- Born: 6 October 1915
- Died: 1 July 1994 (aged 78)
- Occupation: Biblical scholar

Academic background
- Education: Bern, Basel, Berlin, and Edinburgh
- Alma mater: University of Göttingen (Ph.D.)
- Thesis: (1947)

Academic work
- Discipline: Biblical studies
- Institutions: University of Basel, Switzerland
- Notable works: Colossians (AYB), Ephesians (AYB)

= Markus Barth =

Swiss Protestant Reformed theologian (1915–1994)

Markus Barth (6 October 1915 – 1 July 1994) was a Swiss scholar of theology. He lived in Bern, Basel, Berlin, and Edinburgh and was the son of the seminal Protestant theologian Karl Barth. From 1940 to 1953 he was a Reformed Pastor in Bubendorf near Basel. In 1947 he received a doctorate in New Testament from the University of Göttingen. Between 1953 and 1972 he held professorships in New Testament at Dubuque Theological Seminary, University of Chicago Divinity School, and Pittsburgh Theological Seminary. From 1973 to 1985 he was professor of New Testament at the University of Basel.

His three areas of interest were the sacramental understanding of Baptism and Lord's Supper, the theology of the Pauline Epistles and Jewish-Christian dialogue.
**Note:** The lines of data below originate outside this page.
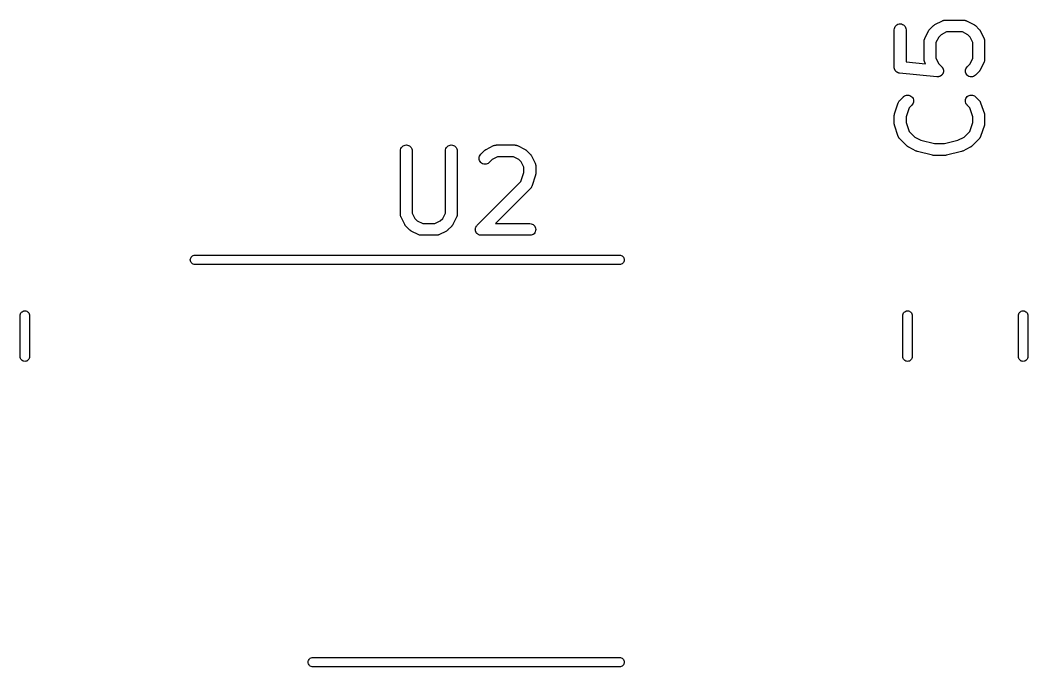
# Model space of a CAD drawing. Extents: x 59.2 to 130.7, y -130.7 to -66.1.
# Drawn here: x 78.66 to 91.48, y -110.63 to -102.39 of the extents above; entities that cross this region are included whole.
import ezdxf

# ---------------------------------------------------------------- set-up
doc = ezdxf.new("R2010")
doc.units = 0
doc.layers.add('BLACK', color=7, linetype='CONTINUOUS')

msp = doc.modelspace()

# ---------------------------------------------------------------- linework, layer by layer
at = {"layer": 'BLACK', "linetype": 'CONTINUOUS'}
for p, q in [((90.301, -102.451), (90.3963, -102.403)), ((90.3963, -102.403), (90.3972, -102.403)), ((90.3972, -102.403), (90.3993, -102.402)), ((90.3993, -102.402), (90.4012, -102.401)), ((90.4012, -102.401), (90.4061, -102.399)), ((90.4061, -102.399), (90.4109, -102.398)), ((90.4109, -102.398), (90.4131, -102.397)), ((90.4131, -102.397), (90.4152, -102.397)), ((90.4152, -102.397), (90.4203, -102.396)), ((90.4203, -102.396), (90.4254, -102.395)), ((90.4254, -102.395), (90.4276, -102.395)), ((90.4276, -102.395), (90.4298, -102.395)), ((90.4298, -102.395), (90.6679, -102.395)), ((90.6679, -102.395), (90.669, -102.395)), ((90.669, -102.395), (90.6711, -102.396)), ((90.6711, -102.396), (90.6734, -102.395)), ((90.6734, -102.395), (90.6784, -102.396)), ((90.6784, -102.396), (90.6835, -102.397)), ((90.6835, -102.397), (90.6856, -102.398)), ((90.6856, -102.398), (90.6878, -102.398)), ((90.6878, -102.398), (90.6926, -102.4)), ((90.6926, -102.4), (90.6974, -102.401)), ((90.6974, -102.401), (90.6994, -102.402)), ((90.6994, -102.402), (90.7014, -102.403)), ((90.7014, -102.403), (90.7967, -102.451)), ((89.7834, -102.517), (89.785, -102.502)), ((89.7834, -102.518), (89.7834, -102.517)), ((89.7834, -102.994), (89.7834, -102.518)), ((89.785, -102.502), (89.7894, -102.488)), ((89.7894, -102.488), (89.7965, -102.476)), ((89.7965, -102.476), (89.8059, -102.464)), ((89.8059, -102.464), (89.8173, -102.455)), ((89.8173, -102.455), (89.8303, -102.448)), ((89.8303, -102.448), (89.8443, -102.444)), ((89.8443, -102.444), (89.8589, -102.443)), ((89.8589, -102.443), (89.8735, -102.444)), ((89.8735, -102.444), (89.8874, -102.449)), ((89.8874, -102.449), (89.9003, -102.456)), ((89.9003, -102.456), (89.9116, -102.465)), ((89.9116, -102.465), (89.9208, -102.476)), ((89.9208, -102.476), (89.9277, -102.489)), ((89.9277, -102.489), (89.932, -102.503)), ((89.932, -102.503), (89.9334, -102.518)), ((89.9334, -102.518), (89.9334, -102.926)), ((90.1723, -102.627), (90.2199, -102.532)), ((90.2199, -102.532), (90.2203, -102.531)), ((90.2203, -102.531), (90.2226, -102.528)), ((90.2226, -102.528), (90.2246, -102.524)), ((90.2246, -102.524), (90.2266, -102.521)), ((90.2266, -102.521), (90.2283, -102.519)), ((90.2283, -102.519), (90.2312, -102.516)), ((90.2312, -102.516), (90.2339, -102.512)), ((90.2339, -102.512), (90.2815, -102.465)), ((90.2815, -102.465), (90.2823, -102.464)), ((90.2823, -102.464), (90.2856, -102.462)), ((90.2856, -102.462), (90.2886, -102.459)), ((90.2886, -102.459), (90.2913, -102.457)), ((90.2913, -102.457), (90.2937, -102.455)), ((90.2937, -102.455), (90.2975, -102.453)), ((90.2975, -102.453), (90.301, -102.451)), ((90.4475, -102.545), (90.379, -102.58)), ((90.6502, -102.545), (90.4475, -102.545)), ((90.7187, -102.58), (90.6502, -102.545)), ((90.7967, -102.451), (90.7976, -102.451)), ((90.7976, -102.451), (90.8012, -102.454)), ((90.8012, -102.454), (90.8049, -102.456)), ((90.8049, -102.456), (90.8073, -102.458)), ((90.8073, -102.458), (90.8099, -102.459)), ((90.8099, -102.459), (90.8129, -102.462)), ((90.8129, -102.462), (90.8162, -102.465)), ((90.8162, -102.465), (90.8638, -102.512)), ((90.8638, -102.512), (90.8645, -102.513)), ((90.8645, -102.513), (90.8672, -102.517)), ((90.8672, -102.517), (90.8701, -102.52)), ((90.8701, -102.52), (90.8717, -102.522)), ((90.8717, -102.522), (90.8737, -102.525)), ((90.8737, -102.525), (90.8756, -102.528)), ((90.8756, -102.528), (90.8778, -102.532)), ((90.8778, -102.532), (90.9255, -102.627)), ((90.1643, -102.66), (90.1646, -102.658)), ((90.1643, -102.661), (90.1643, -102.66)), ((90.1643, -102.899), (90.1643, -102.661)), ((90.1645, -102.655), (90.1654, -102.65)), ((90.1646, -102.658), (90.1645, -102.655)), ((90.1654, -102.65), (90.166, -102.645)), ((90.166, -102.645), (90.1666, -102.643)), ((90.1666, -102.643), (90.167, -102.641)), ((90.167, -102.641), (90.1688, -102.636)), ((90.1688, -102.636), (90.1704, -102.631)), ((90.1704, -102.631), (90.1715, -102.629)), ((90.1715, -102.629), (90.1723, -102.627)), ((90.3486, -102.61), (90.3143, -102.678)), ((90.3143, -102.678), (90.3143, -102.881)), ((90.379, -102.58), (90.3486, -102.61)), ((90.7491, -102.61), (90.7187, -102.58)), ((90.7834, -102.678), (90.7491, -102.61)), ((90.7834, -102.881), (90.7834, -102.678)), ((90.9255, -102.627), (90.9259, -102.628)), ((90.9259, -102.628), (90.9267, -102.63)), ((90.9267, -102.63), (90.9277, -102.632)), ((90.9277, -102.632), (90.9292, -102.637)), ((90.9292, -102.637), (90.931, -102.642)), ((90.931, -102.642), (90.9313, -102.644)), ((90.9313, -102.644), (90.932, -102.646)), ((90.932, -102.646), (90.9325, -102.651)), ((90.9325, -102.651), (90.9333, -102.656)), ((90.9333, -102.656), (90.9332, -102.659)), ((90.9332, -102.659), (90.9334, -102.661)), ((90.9334, -102.661), (90.9334, -102.899)), ((89.9334, -102.926), (90.1816, -102.951)), ((90.1645, -102.901), (90.1643, -102.899)), ((90.1645, -102.903), (90.1645, -102.901)), ((90.1653, -102.908), (90.1645, -102.903)), ((90.1658, -102.913), (90.1653, -102.908)), ((90.1664, -102.916), (90.1658, -102.913)), ((90.1667, -102.918), (90.1664, -102.916)), ((90.1685, -102.923), (90.1667, -102.918)), ((90.17, -102.927), (90.1685, -102.923)), ((90.171, -102.929), (90.17, -102.927)), ((90.1718, -102.931), (90.171, -102.929)), ((90.1723, -102.932), (90.1718, -102.931)), ((90.1816, -102.951), (90.1723, -102.932)), ((90.3143, -102.881), (90.3486, -102.95)), ((90.7491, -102.95), (90.7834, -102.881)), ((90.9255, -102.932), (90.8778, -103.028)), ((90.9263, -102.93), (90.9255, -102.932)), ((90.9273, -102.928), (90.9263, -102.93)), ((90.9289, -102.924), (90.9273, -102.928)), ((90.9307, -102.919), (90.9289, -102.924)), ((90.9311, -102.917), (90.9307, -102.919)), ((90.9317, -102.914), (90.9311, -102.917)), ((90.9323, -102.909), (90.9317, -102.914)), ((90.9332, -102.904), (90.9323, -102.909)), ((90.9334, -102.9), (90.9331, -102.902)), ((90.9331, -102.902), (90.9332, -102.904)), ((90.9334, -102.899), (90.9334, -102.9)), ((89.7837, -102.997), (89.7834, -102.994)), ((89.7837, -103.001), (89.7837, -102.997)), ((89.7844, -103.005), (89.7837, -103.001)), ((89.7848, -103.009), (89.7844, -103.005)), ((89.7858, -103.012), (89.7848, -103.009)), ((89.7864, -103.015), (89.7858, -103.012)), ((89.7879, -103.019), (89.7864, -103.015)), ((89.789, -103.023), (89.7879, -103.019)), ((89.7906, -103.026), (89.789, -103.023)), ((89.7918, -103.029), (89.7906, -103.026)), ((89.794, -103.032), (89.7918, -103.029)), ((89.7959, -103.036), (89.794, -103.032)), ((89.798, -103.038), (89.7959, -103.036)), ((89.7998, -103.041), (89.798, -103.038)), ((89.8026, -103.044), (89.7998, -103.041)), ((89.8052, -103.047), (89.8026, -103.044)), ((89.8077, -103.049), (89.8052, -103.047)), ((89.8101, -103.051), (89.8077, -103.049)), ((89.8134, -103.054), (89.8101, -103.051)), ((89.8164, -103.056), (89.8134, -103.054)), ((89.8194, -103.058), (89.8164, -103.056)), ((89.8221, -103.06), (89.8194, -103.058)), ((89.8258, -103.061), (89.8221, -103.06)), ((89.8293, -103.063), (89.8258, -103.061)), ((89.8325, -103.064), (89.8293, -103.063)), ((89.8356, -103.066), (89.8325, -103.064)), ((89.8395, -103.066), (89.8356, -103.066)), ((89.8433, -103.068), (89.8395, -103.066)), ((89.8466, -103.068), (89.8433, -103.068)), ((89.8499, -103.069), (89.8466, -103.068)), ((89.8509, -103.069), (89.8499, -103.069)), ((90.3271, -103.116), (89.8509, -103.069)), ((90.3486, -102.95), (90.3876, -102.989)), ((90.3876, -102.989), (90.3883, -102.989)), ((90.3883, -102.989), (90.3906, -102.992)), ((90.3906, -102.992), (90.3931, -102.995)), ((90.3931, -102.995), (90.3951, -102.998)), ((90.3951, -102.998), (90.3975, -103.001)), ((90.3975, -103.001), (90.3991, -103.004)), ((90.3991, -103.004), (90.4011, -103.007)), ((90.4011, -103.007), (90.4025, -103.011)), ((90.4036, -103.071), (90.4019, -103.074)), ((90.4025, -103.011), (90.4042, -103.014)), ((90.4047, -103.067), (90.4036, -103.071)), ((90.4042, -103.014), (90.4052, -103.017)), ((90.4062, -103.064), (90.4047, -103.067)), ((90.4052, -103.017), (90.4066, -103.021)), ((90.4069, -103.06), (90.4062, -103.064)), ((90.4066, -103.021), (90.4072, -103.024)), ((90.408, -103.057), (90.4069, -103.06)), ((90.4072, -103.024), (90.4083, -103.028)), ((90.4084, -103.053), (90.408, -103.057)), ((90.4083, -103.028), (90.4086, -103.032)), ((90.4091, -103.05), (90.4084, -103.053)), ((90.4086, -103.032), (90.4093, -103.035)), ((90.4092, -103.046), (90.4091, -103.05)), ((90.4093, -103.035), (90.4092, -103.039)), ((90.4092, -103.039), (90.4096, -103.042)), ((90.4096, -103.042), (90.4092, -103.046)), ((90.6881, -103.041), (90.6896, -103.027)), ((90.6895, -103.056), (90.6881, -103.041)), ((90.6937, -103.07), (90.6895, -103.056)), ((90.6896, -103.027), (90.6939, -103.013)), ((90.7005, -103.083), (90.6937, -103.07)), ((90.6939, -103.013), (90.7008, -103)), ((90.7008, -103), (90.7101, -102.989)), ((90.7101, -102.989), (90.7491, -102.95)), ((90.8638, -103.047), (90.8162, -103.095)), ((90.8665, -103.044), (90.8638, -103.047)), ((90.8694, -103.041), (90.8665, -103.044)), ((90.8711, -103.038), (90.8694, -103.041)), ((90.8731, -103.036), (90.8711, -103.038)), ((90.8751, -103.032), (90.8731, -103.036)), ((90.8774, -103.029), (90.8751, -103.032)), ((90.8778, -103.028), (90.8774, -103.029)), ((90.3307, -103.116), (90.3271, -103.116)), ((90.3343, -103.117), (90.3307, -103.116)), ((90.338, -103.116), (90.3343, -103.117)), ((90.3417, -103.116), (90.338, -103.116)), ((90.3453, -103.116), (90.3417, -103.116)), ((90.3489, -103.115), (90.3453, -103.116)), ((90.3525, -103.114), (90.3489, -103.115)), ((90.3561, -103.114), (90.3525, -103.114)), ((90.3595, -103.112), (90.3561, -103.114)), ((90.3629, -103.111), (90.3595, -103.112)), ((90.3662, -103.109), (90.3629, -103.111)), ((90.3697, -103.108), (90.3662, -103.109)), ((90.3727, -103.106), (90.3697, -103.108)), ((90.3759, -103.104), (90.3727, -103.106)), ((90.3788, -103.102), (90.3759, -103.104)), ((90.3819, -103.1), (90.3788, -103.102)), ((90.3844, -103.097), (90.3819, -103.1)), ((90.3872, -103.095), (90.3844, -103.097)), ((90.3896, -103.092), (90.3872, -103.095)), ((90.3923, -103.09), (90.3896, -103.092)), ((90.3943, -103.087), (90.3923, -103.09)), ((90.3966, -103.084), (90.3943, -103.087)), ((90.3984, -103.081), (90.3966, -103.084)), ((90.4005, -103.078), (90.3984, -103.081)), ((90.4019, -103.074), (90.4005, -103.078)), ((90.7097, -103.094), (90.7005, -103.083)), ((90.721, -103.104), (90.7097, -103.094)), ((90.7338, -103.111), (90.721, -103.104)), ((90.7478, -103.115), (90.7338, -103.111)), ((90.7624, -103.117), (90.7478, -103.115)), ((90.7769, -103.115), (90.7624, -103.117)), ((90.791, -103.111), (90.7769, -103.115)), ((90.804, -103.105), (90.791, -103.111)), ((90.8154, -103.095), (90.804, -103.105)), ((90.8162, -103.095), (90.8154, -103.095)), ((89.7872, -103.589), (89.8348, -103.447)), ((89.8348, -103.447), (89.8352, -103.446)), ((89.8352, -103.446), (89.8361, -103.444)), ((89.8361, -103.444), (89.8368, -103.441)), ((89.8368, -103.441), (89.8392, -103.437)), ((89.8392, -103.437), (89.8413, -103.432)), ((89.8413, -103.432), (89.8426, -103.431)), ((89.8426, -103.431), (89.8437, -103.429)), ((89.8437, -103.429), (89.8469, -103.425)), ((89.8469, -103.425), (89.8499, -103.42)), ((89.8499, -103.42), (89.8516, -103.419)), ((89.8516, -103.419), (89.853, -103.417)), ((89.853, -103.417), (89.9006, -103.37)), ((89.9006, -103.37), (89.9013, -103.369)), ((89.9013, -103.369), (89.9128, -103.36)), ((89.9128, -103.36), (89.9258, -103.353)), ((89.9258, -103.353), (89.9398, -103.349)), ((89.9398, -103.349), (89.9544, -103.348)), ((89.9544, -103.348), (89.969, -103.349)), ((89.969, -103.349), (89.9829, -103.354)), ((89.9829, -103.354), (89.9958, -103.361)), ((89.9958, -103.361), (90.007, -103.37)), ((90.007, -103.37), (90.0162, -103.381)), ((90.0229, -103.451), (90.0159, -103.464)), ((90.0162, -103.381), (90.0231, -103.394)), ((90.0271, -103.437), (90.0229, -103.451)), ((90.0231, -103.394), (90.0272, -103.408)), ((90.0286, -103.423), (90.0271, -103.437)), ((90.0272, -103.408), (90.0286, -103.423)), ((90.6881, -103.422), (90.6897, -103.407)), ((90.6894, -103.436), (90.6881, -103.422)), ((90.6935, -103.451), (90.6894, -103.436)), ((90.6897, -103.407), (90.6941, -103.393)), ((90.7002, -103.464), (90.6935, -103.451)), ((90.6941, -103.393), (90.7011, -103.381)), ((90.7011, -103.381), (90.7105, -103.369)), ((90.7105, -103.369), (90.7219, -103.36)), ((90.7219, -103.36), (90.7348, -103.353)), ((90.7348, -103.353), (90.7488, -103.349)), ((90.7488, -103.349), (90.7634, -103.348)), ((90.7634, -103.348), (90.778, -103.349)), ((90.778, -103.349), (90.792, -103.353)), ((90.792, -103.353), (90.8049, -103.36)), ((90.8049, -103.36), (90.8162, -103.37)), ((90.8162, -103.37), (90.8638, -103.417)), ((90.8638, -103.417), (90.8645, -103.418)), ((90.8645, -103.418), (90.8659, -103.42)), ((90.8659, -103.42), (90.8675, -103.421)), ((90.8675, -103.421), (90.8705, -103.425)), ((90.8705, -103.425), (90.8737, -103.429)), ((90.8737, -103.429), (90.8747, -103.431)), ((90.8747, -103.431), (90.876, -103.433)), ((90.876, -103.433), (90.878, -103.438)), ((90.878, -103.438), (90.8804, -103.442)), ((90.8804, -103.442), (90.881, -103.445)), ((90.881, -103.445), (90.8819, -103.447)), ((90.8819, -103.447), (90.9295, -103.589)), ((89.9716, -103.511), (89.9334, -103.625)), ((90.0067, -103.476), (89.9716, -103.511)), ((90.0159, -103.464), (90.0067, -103.476)), ((90.7094, -103.475), (90.7002, -103.464)), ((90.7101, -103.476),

He is perhaps best known for his commentary contribution to the Anchor Bible Commentary series for which he contributed the Ephesians and Colossians volumes.

==Life==
He was married in 1940 to Rose Marie Barth-Oswald (1913–1993). They had five children.

==Writings==
- Conversation with the Bible. New York/Chicago/San Francisco: Holt, Rinehart, Winston, 1964.
- Rechtfertigung. Theologische Studien 90. EVZ Verlag, Zürich 1969.
  - Justification. Pauline Texts Interpreted in the Light of the Old and New Testament. Eerdmans, Grand Rapids 2006.
- Der Jude Jesus, Israel und die Palästinenser. EVZ Verlag, Zürich 1975, ISBN 978-3-290-11357-5.
  - Jesus and the Jew. John Knox Press, 1978.
- The People of God. Wipf & Stock Publishers, 1983, ISBN 1-59752-852-8.
- Das Mahl des Herrn. Gemeinschaft mit Israel, mit Christus und unter den Gästen. Neukirchener Verlag, Neukirchen-Vluyn 1987, .
  - Rediscovering the Lord's Supper. Wipf & Stock, 1988, ISBN 1-59752-851-X.
- Ephesians. Introduction, Translation, and Commentary. Anchor Bible, Vol. 34. Yale University Press 1998, two vols., ISBN 0-385-04412-7 und ISBN 0-300-13986-1.
- with Helmut Blanke: The Letter to Philemon. A New Translation with Notes and Commentary. Wm. B. Eerdmans, 2000, ISBN 0-8028-3829-4.
- The Broken Wall. A Study of the Epistle to the Ephesians. Regent College Publishing, Vancouver 2002, ISBN 1-57383-229-4.
- Israel and the Church. Wipf & Stock, 2005, ISBN 1-59752-262-7.
- with Helmut Blanke: Colossians. (= The Anchor Yale Bible Commentaries). Yale University Press, 2005, ISBN 0-300-13987-X.

==Princeton Symposium 2018==
The Center for Barth Studies curates Markus Barth's literary legacy in the archives and special collections of the Princeton Seminary Library.